In the listing below, find each line that holds "part" and list it.

◆ Provided records ◆
· · ·

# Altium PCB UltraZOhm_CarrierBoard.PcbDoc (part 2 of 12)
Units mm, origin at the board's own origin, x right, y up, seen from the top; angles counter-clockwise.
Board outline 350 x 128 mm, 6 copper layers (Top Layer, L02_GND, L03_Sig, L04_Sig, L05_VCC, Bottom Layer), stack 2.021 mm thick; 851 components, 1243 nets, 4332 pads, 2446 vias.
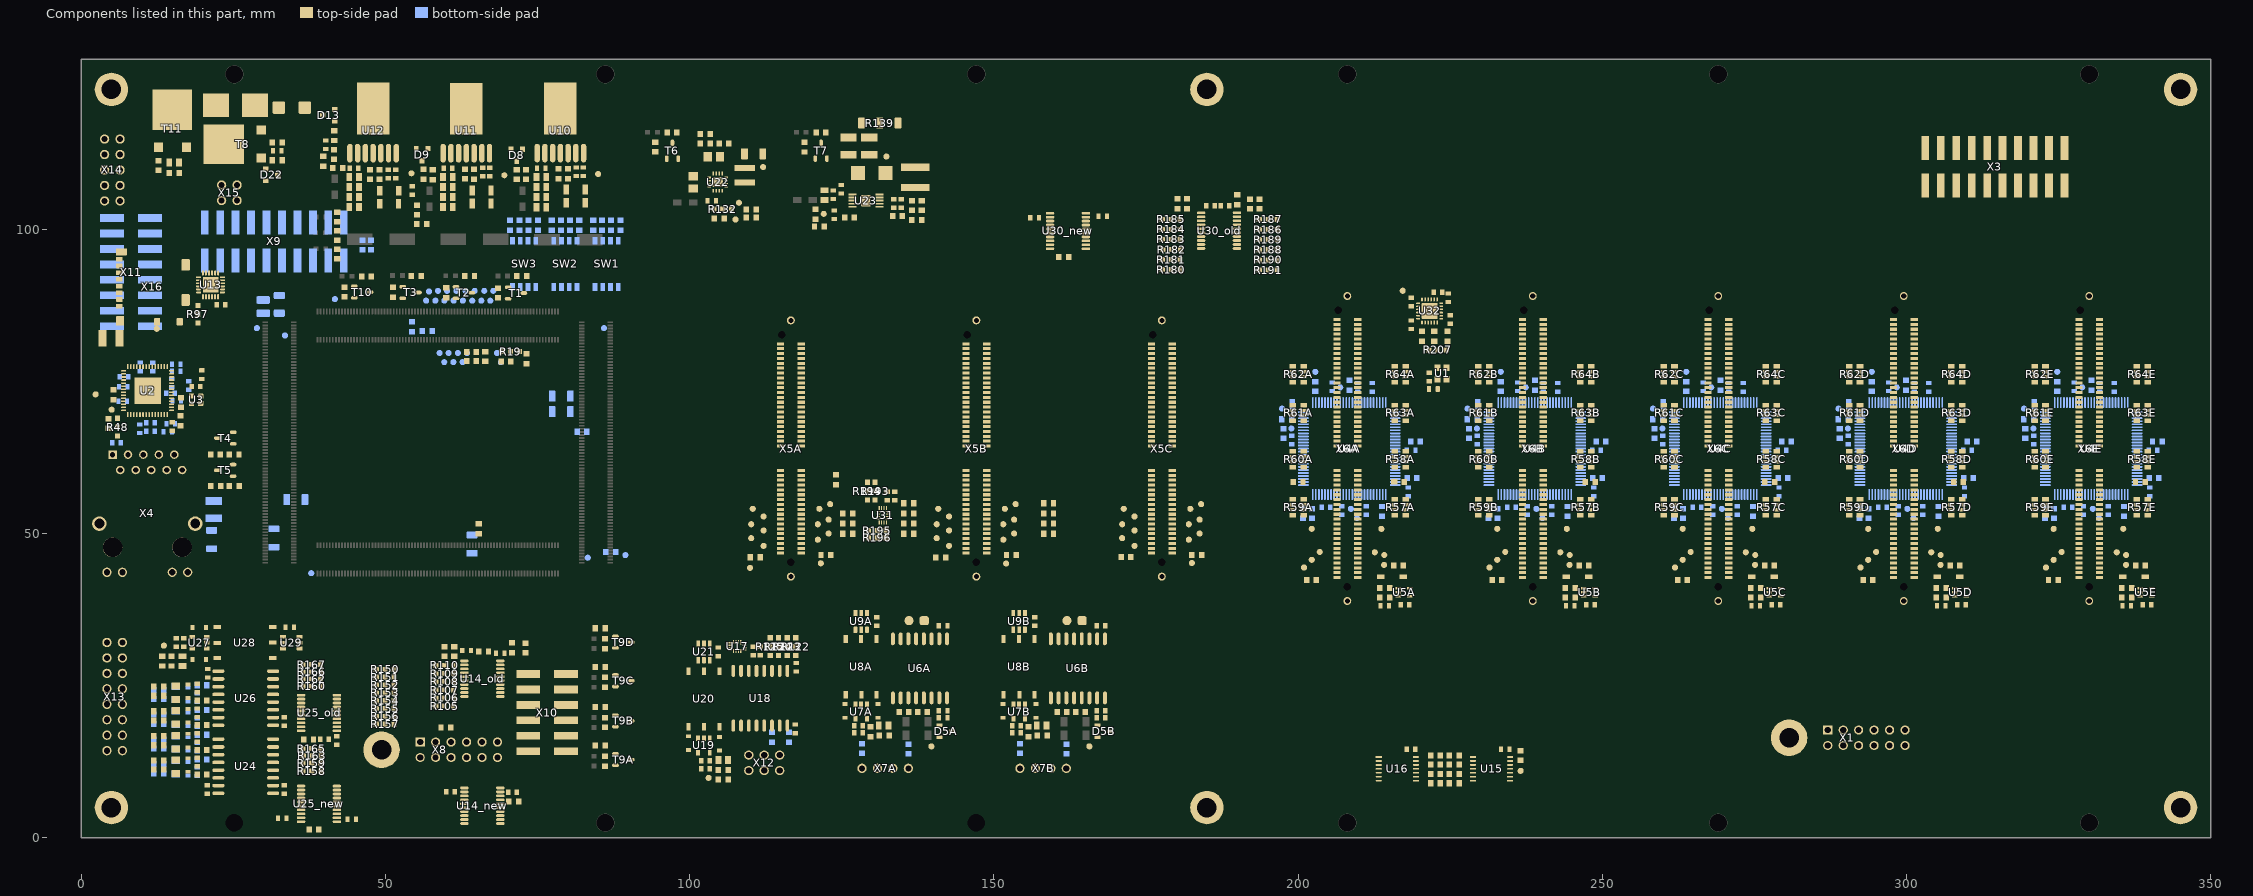
[diagram p6: the components of this part, seen from the top]

## Components (designator, comment, footprint, x,y, rotation, side; value= is the part's Value field where it differs from the comment) (continued)
R69A "51" R_0603_N#1 202.819,74.202 r270 bottom (schematic designator R69)
R69B "51" R_0603_N#1 233.299,74.202 r270 bottom (schematic designator R69)
R69C "51" R_0603_N#1 263.779,74.202 r270 bottom (schematic designator R69)
R69D "51" R_0603_N#1 294.259,74.202 r270 bottom (schematic designator R69)
R69E "51" R_0603_N#1 324.739,74.202 r270 bottom (schematic designator R69)
R70A "51" R_0603_N#1 219.275,65.158 r180 bottom (schematic designator R70)
R70B "51" R_0603_N#1 249.755,65.158 r180 bottom (schematic designator R70)
R70C "51" R_0603_N#1 280.235,65.158 r180 bottom (schematic designator R70)
R70D "51" R_0603_N#1 310.715,65.158 r180 bottom (schematic designator R70)
R70E "51" R_0603_N#1 341.195,65.158 r180 bottom (schematic designator R70)
R71A "33" R_0603_N#1 208.453,74.402 r270 bottom (schematic designator R71)
R71B "33" R_0603_N#1 238.933,74.402 r270 bottom (schematic designator R71)
R71C "33" R_0603_N#1 269.413,74.402 r270 bottom (schematic designator R71)
R71D "33" R_0603_N#1 299.893,74.402 r270 bottom (schematic designator R71)
R71E "33" R_0603_N#1 330.373,74.402 r270 bottom (schematic designator R71)
R72A "51" R_0603_N#1 218.729,59.162 r180 bottom (schematic designator R72)
R72B "51" R_0603_N#1 249.209,59.162 r180 bottom (schematic designator R72)
R72C "51" R_0603_N#1 279.689,59.162 r180 bottom (schematic designator R72)
R72D "51" R_0603_N#1 310.169,59.162 r180 bottom (schematic designator R72)
R72E "51" R_0603_N#1 340.649,59.162 r180 bottom (schematic designator R72)
R73A "51" R_0603_N#1 213.791,53.67 r90 bottom (schematic designator R73)
R73B "51" R_0603_N#1 244.271,53.67 r90 bottom (schematic designator R73)
R73C "51" R_0603_N#1 274.751,53.67 r90 bottom (schematic designator R73)
R73D "51" R_0603_N#1 305.231,53.67 r90 bottom (schematic designator R73)
R73E "51" R_0603_N#1 335.711,53.67 r90 bottom (schematic designator R73)
R74A "0R" R_0603_N#1 214.23,41.056 r0 top (schematic designator R74)
R74B "0R" R_0603_N#1 244.71,41.056 r0 top (schematic designator R74)
R74C "0R" R_0603_N#1 275.19,41.056 r0 top (schematic designator R74)
R74D "0R" R_0603_N#1 305.67,41.056 r0 top (schematic designator R74)
R74E "0R" R_0603_N#1 336.15,41.056 r0 top (schematic designator R74)
R75A "dnp" R_0603_N#1 214.23,39.532 r180 top value=dnf (schematic designator R75)
R75B "dnp" R_0603_N#1 244.71,39.532 r180 top value=dnf (schematic designator R75)
R75C "dnp" R_0603_N#1 275.19,39.532 r180 top value=dnf (schematic designator R75)
R75D "dnp" R_0603_N#1 305.67,39.532 r180 top value=dnf (schematic designator R75)
R75E "dnp" R_0603_N#1 336.15,39.532 r180 top value=dnf (schematic designator R75)
R76A "62" R_0603_N#1 138.286,20.731 r180 top (schematic designator R76)
R76B "62" R_0603_N#1 164.238,20.731 r180 top (schematic designator R76)
R77A "62" R_0603_N#1 135.238,20.731 r180 top (schematic designator R77)
R77B "62" R_0603_N#1 161.19,20.731 r180 top (schematic designator R77)
R78A "dnp" R_0603_N#1 135.975,14.637 r270 bottom value=0R (schematic designator R78)
R78B "dnp" R_0603_N#1 161.927,14.637 r270 bottom value=0R (schematic designator R78)
R79A "dnp" R_0603_N#1 128.355,14.687 r270 bottom value=0R (schematic designator R79)
R79B "dnp" R_0603_N#1 154.307,14.688 r270 bottom value=0R (schematic designator R79)
R80A "29k4" R_0603_N#1 129.707,17.471 r90 top (schematic designator R80)
R80B "29k4" R_0603_N#1 155.659,17.471 r90 top (schematic designator R80)
R81A "9k31" R_0603_N#1 131.99,16.861 r180 top (schematic designator R81)
R81B "9k31" R_0603_N#1 157.942,16.861 r180 top (schematic designator R81)
R82 "4k7" R_0603_N#1 78.459,109.144 r270 top
R83 "1k5" R_0603_N#1 79.988,109.156 r90 top
R84 "dnp" R_0603_N#1 73.133,109.028 r270 top value=100k
R85 "dnp" R_0603_N#1 71.601,109.043 r270 top value=20k
R86 "4k7" R_0603_N#1 63.081,109.095 r270 top
R87 "1k5" R_0603_N#1 64.585,109.081 r90 top
R88 "47k" R_0603_N#1 57.8,109 r270 top
R89 "dnp" R_0603_N#1 56.249,109.069 r270 top value=20k
R90 "10k" R_0603_N#1 47.485,109.013 r270 top
R91 "100" R_0603_N#1 42.105,95.98 r90 top
R92 "1k" R_0603_N#1 42.099,99.006 r90 top
R93 "1k5" R_0603_N#1 42.099,102.054 r90 top
R94 "1k91" R_0603_N#1 49.047,109.025 r90 top
R95 "47k" R_0603_N#1 41.563,112.325 r90 top
R96 "dnp" R_0603_N#1 41.613,115.413 r270 top value=20k
R97 "10k" 0603_CONFIG 19.204,86.09 r90 top
R98 "dnp" R_0603_N#1 59.949,18.177 r180 top value=0R
R99 "0R" R_0603_N#1 46.238,97.46 r90 bottom
R100 "dnp" R_0603_N#1 61.323,30.648 r270 top value=200K
R101 "dnp" R_0603_N#1 59.751,30.648 r270 top value=200K
R102 "dnp" R_0603_N#1 70.825,31.25 r270 top value=200K
R103 "dnp" R_0603_N#1 73.025,31.2 r270 top value=200K
R104 "dnp" R_0603_N#1 66.156,30.619 r180 top value=200k
R105 "dnp" 0603_CONFIG 59.726,21.684 r180 top value=10k
R106 "dnp" 0603_CONFIG 59.726,23.012 r180 top value=10k
R107 "dnp" 0603_CONFIG 59.725,24.3 r180 top value=10k
R108 "dnp" 0603_CONFIG 59.725,25.7 r180 top value=10k
R109 "dnp" 0603_CONFIG 59.726,27.025 r180 top value=10k
R110 "dnp" 0603_CONFIG 59.726,28.366 r180 top value=10k
R111 "10k" R_0603_N#1 225.639,13.567 r0 top
R112 "10k" R_0603_N#1 225.639,12.043 r0 top
R113 "10k" R_0603_N#1 225.639,10.519 r0 top
R114 "10k" R_0603_N#1 225.639,8.995 r0 top
R115 "10k" R_0603_N#1 222.591,8.995 r180 top
R116 "10k" R_0603_N#1 222.591,10.519 r180 top
R117 "10k" R_0603_N#1 222.591,12.043 r180 top
R118 "10k" R_0603_N#1 236.561,13.567 r270 top
R119 "10k" R_0603_N#1 222.591,13.567 r180 top
R120 "dnp" R_0603_N#1 116.33,16.538 r270 bottom value=0R
R121 "dnp" R_0603_N#1 113.536,16.538 r90 bottom value=0R
R122 "10k" 0603_CONFIG 117.448,31.422 r270 top
R123 "10k" 0603_CONFIG 116.051,31.473 r90 top
R124 "10k" 0603_CONFIG 114.628,31.422 r270 top
R125 "10k" 0603_CONFIG 113.257,31.422 r270 top
R126 "16k" R_0603_N#1 105.535,9.629 r0 top
R127 "9k31" R_0603_N#1 105.535,11.153 r180 top
R128 "0R" RESC3216X65N 35.291,55.61 r180 bottom
R129 "0R" RESC3216X65N 31.679,49.291 r270 bottom
R130 "0R" RESC3216X65N 110.516,112.431 r0 top
R131 "0R" RESC3216X65N 78.907,72.605 r0 bottom
R132 "0R" 0603_CONFIG 105.437,103.337 r180 top
R133 "0R" RESC3216X65N 78.907,70.069 r0 bottom
R134 "100k" R_0603_N#1 104.877,101.813 r180 top
R135 "24k9" R_0603_N#1 105.665,114.107 r0 top
R136 "0R" RESC3216X65N 64.245,48.291 r270 bottom
R137 "20k" R_0603_N#1 102.566,114.107 r0 top
R138 "dnp" R_0603_N#1 102.566,115.656 r180 top value=dnf
R139 "0R" 1206_CONFIG 131.245,117.477 r180 top
R140 "20k" R_0603_N#1 137.339,101.534 r180 top
R141 "2k" R_0603_N#1 138.151,103.922 r270 top
R142 "220" R_0603_N#1 97.105,115.936 r0 top
R143 "20k" R_0603_N#1 134.164,102.194 r0 top
R144 "1k6" R_0603_N#1 136.551,103.922 r90 top
R145 "412k" R_0603_N#1 126.29,101.94 r0 top
R146 "10k" R_0603_N#1 94.362,113.548 r270 top
R147 "220" R_0603_N#1 121.591,115.936 r0 top
R148 "10k" R_0603_N#1 118.873,113.523 r270 top
R149 "200K" R_0603_N#1 38.3,1.4 r0 top
R150 "dnp" 0603_Config 50,27.7 r0 top value=10k
R151 "dnp" 0603_Config 50,26.414 r0 top value=10k
R152 "dnp" 0603_Config 50,25.129 r0 top value=10k
R153 "dnp" 0603_Config 50,23.843 r0 top value=10k
R154 "dnp" 0603_Config 50,22.557 r0 top value=10k
R155 "dnp" 0603_Config 50,21.271 r0 top value=10k
R156 "dnp" 0603_Config 50,19.986 r0 top value=10k
R157 "dnp" 0603_Config 50,18.7 r0 top value=10k
R158 "dnp" 0603_Config 37.875,11 r180 top value=10k
R159 "dnp" 0603_Config 37.875,12.3 r180 top value=10k
R160 "dnp" 0603_Config 37.9,24.933 r180 top value=10k
R161 "16k" R_0603_N#1 13.35,29.062 r270 top
R162 "dnp" 0603_Config 37.9,26.1 r180 top value=10k
R163 "dnp" 0603_Config 38,13.5 r0 top value=10k
R164 "9k31" R_0603_N#1 14.874,29.062 r90 top
R165 "dnp" 0603_Config 37.9,14.7 r0 top value=10k
R166 "dnp" 0603_Config 37.9,27.3 r0 top value=10k
R167 "dnp" 0603_Config 37.9,28.5 r0 top value=10k
R168A "0R" R_0603_N#1 12.76,11.226 r0 top (schematic designator R168)
R168B "0R" R_0603_N#1 12.755,15.24 r0 top (schematic designator R168)
R168C "0R" R_0603_N#1 12.755,12.138 r0 bottom (schematic designator R168)
R168D "0R" R_0603_N#1 12.755,16.202 r0 bottom (schematic designator R168)
R168E "0R" R_0603_N#1 12.755,19.304 r0 top (schematic designator R168)
R168F "0R" R_0603_N#1 12.755,23.368 r0 top (schematic designator R168)
R168G "0R" R_0603_N#1 12.755,20.266 r0 bottom (schematic designator R168)
R168H "0R" R_0603_N#1 12.755,24.33 r0 bottom (schematic designator R168)
R169A "62" R_0603_N#1 19.872,10.464 r0 top (schematic designator R169)
R169B "62" R_0603_N#1 19.867,14.478 r0 top (schematic designator R169)
R169C "62" R_0603_N#1 19.867,12.9 r0 bottom (schematic designator R169)
R169D "62" R_0603_N#1 19.867,16.964 r0 bottom (schematic designator R169)
R169E "62" R_0603_N#1 19.867,18.542 r0 top (schematic designator R169)
R169F "62" R_0603_N#1 19.867,22.606 r0 top (schematic designator R169)
R169G "62" R_0603_N#1 19.867,21.028 r0 bottom (schematic designator R169)
R169H "62" R_0603_N#1 19.867,25.092 r0 bottom (schematic designator R169)
R170A "6" 0805_PTC_FUSE 15.554,11.734 r90 top (schematic designator R170)
R170B "6" 0805_PTC_FUSE 15.549,15.748 r90 top (schematic designator R170)
R170C "6" 0805_PTC_FUSE 15.549,11.63 r270 bottom (schematic designator R170)
R170D "6" 0805_PTC_FUSE 15.549,15.694 r270 bottom (schematic designator R170)
R170E "6" 0805_PTC_FUSE 15.549,19.812 r90 top (schematic designator R170)
R170F "6" 0805_PTC_FUSE 15.549,23.876 r90 top (schematic designator R170)
R170G "6" 0805_PTC_FUSE 15.549,19.758 r270 bottom (schematic designator R170)
R170H "6" 0805_PTC_FUSE 15.549,23.822 r270 bottom (schematic designator R170)
R171A "10k" R_0603_N#1 12.76,12.75 r180 top (schematic designator R171)
R171B "10k" R_0603_N#1 12.755,16.764 r180 top (schematic designator R171)
R171C "10k" R_0603_N#1 12.755,10.614 r180 bottom (schematic designator R171)
R171D "10k" R_0603_N#1 12.755,14.678 r180 bottom (schematic designator R171)
R171E "10k" R_0603_N#1 12.755,20.828 r180 top (schematic designator R171)
R171F "10k" R_0603_N#1 12.755,24.892 r180 top (schematic designator R171)
R171G "10k" R_0603_N#1 12.755,18.742 r180 bottom (schematic designator R171)
R171H "10k" R_0603_N#1 12.755,22.806 r180 bottom (schematic designator R171)
R172 "47k" R_0603_N#1 32.258,114.3 r0 top
R173 "47k" R_0603_N#1 32.236,111.369 r180 top
R174A "51" R_0603_N#1 85.305,15.165 r0 top (schematic designator R174)
R174B "51" R_0603_N#1 85.305,21.515 r0 top (schematic designator R174)
R174C "51" R_0603_N#1 85.305,28.119 r0 top (schematic designator R174)
R174D "51" R_0603_N#1 85.305,34.469 r0 top (schematic designator R174)
R175A "10k" R_0603_N#1 86.067,12.625 r90 top (schematic designator R175)
R175B "10k" R_0603_N#1 86.067,18.975 r90 top (schematic designator R175)
R175C "10k" R_0603_N#1 86.067,25.579 r90 top (schematic designator R175)
R175D "10k" R_0603_N#1 86.067,31.929 r90 top (schematic designator R175)
R176 "dnp" R_0603_N#1 181.723,104.222 r270 top value=4k99
R177 "dnp" R_0603_N#1 180.199,104.222 r270 top value=4k99
R178 "dnp" R_0603_N#1 192.112,104.172 r270 top value=220
R179 "dnp" R_0603_N#1 193.636,104.172 r270 top value=220
R180 "dnp" 0603_CONFIG 179.086,93.396 r180 top value=10k
R181 "10k" 0603_CONFIG 179.086,95.047 r180 top
R182 "dnp" 0603_CONFIG 179.175,96.7 r180 top value=10k
R183 "dnp" 0603_CONFIG 179.086,98.349 r180 top value=10k
R184 "dnp" 0603_CONFIG 179.086,100 r180 top value=10k
R185 "dnp" 0603_CONFIG 179.086,101.651 r180 top value=10k
R186 "dnp" 0603_CONFIG 195.086,99.986 r0 top value=10k
R187 "dnp" 0603_CONFIG 195.086,101.651 r0 top value=10k
R188 "dnp" 0603_CONFIG 195.086,96.657 r0 top value=10k
R189 "dnp" 0603_CONFIG 195.086,98.322 r0 top value=10k
R190 "dnp" 0603_CONFIG 195.086,94.992 r0 top value=10k
R191 "dnp" 0603_CONFIG 195.086,93.328 r0 top value=10k
R192 "200k" R_0603_N#1 190.001,104.861 r90 top
R193 "10k" 0603_CONFIG 130.48,57.023 r90 top
R194 "10k" 0603_CONFIG 129.21,57.023 r90 top
R195 "10k" 0603_CONFIG 130.876,50.521 r0 top
R196 "10k" 0603_CONFIG 130.876,49.341 r0 top
R197 "100" R_0603_N#1 46.9,92.299 r180 top
R198 "10k" R_0603_N#1 43.299,89.7 r90 top
R199 "10k" R_0603_N#1 54.399,84 r270 bottom
R200 "dnp" R_0603_N#1 120.699,102.5 r90 top value=10k
R201 "10k" R_0603_N#1 47.632,97.451 r90 bottom
R202 "dnp" R_0603_N#1 73.182,78.749 r270 top value=10k
R203 "10k" R_0603_N#1 121.326,100.457 r0 top
R204 "10k" R_0603_N#1 110.124,101.994 r180 top
R205 "dnp" R_0603_N#1 110.124,103.268 r180 top value=10k
R206 "0R" R_0603_N#1 220.346,82.451 r90 top
R207 "0R" 0603_CONFIG 222.926,80.205 r0 top
R208 "dnp" R_0603_N#1 222.37,82.451 r90 top value=0R
R209 "0R" R_0603_N#1 224.519,82.451 r90 top
R210 "0R" R_0603_N#1 4.499,68.1 r90 top
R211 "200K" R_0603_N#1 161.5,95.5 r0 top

· · ·

◆ Answer space ◆
# Altium PCB UltraZOhm_CarrierBoard.PcbDoc (part 2 of 12)
[diagram p6: the components of this part, seen from the top]
## Components (designator, comment, footprint, x,y, rotation, side; value= is the part's Value field where it differs from the comment) (continued)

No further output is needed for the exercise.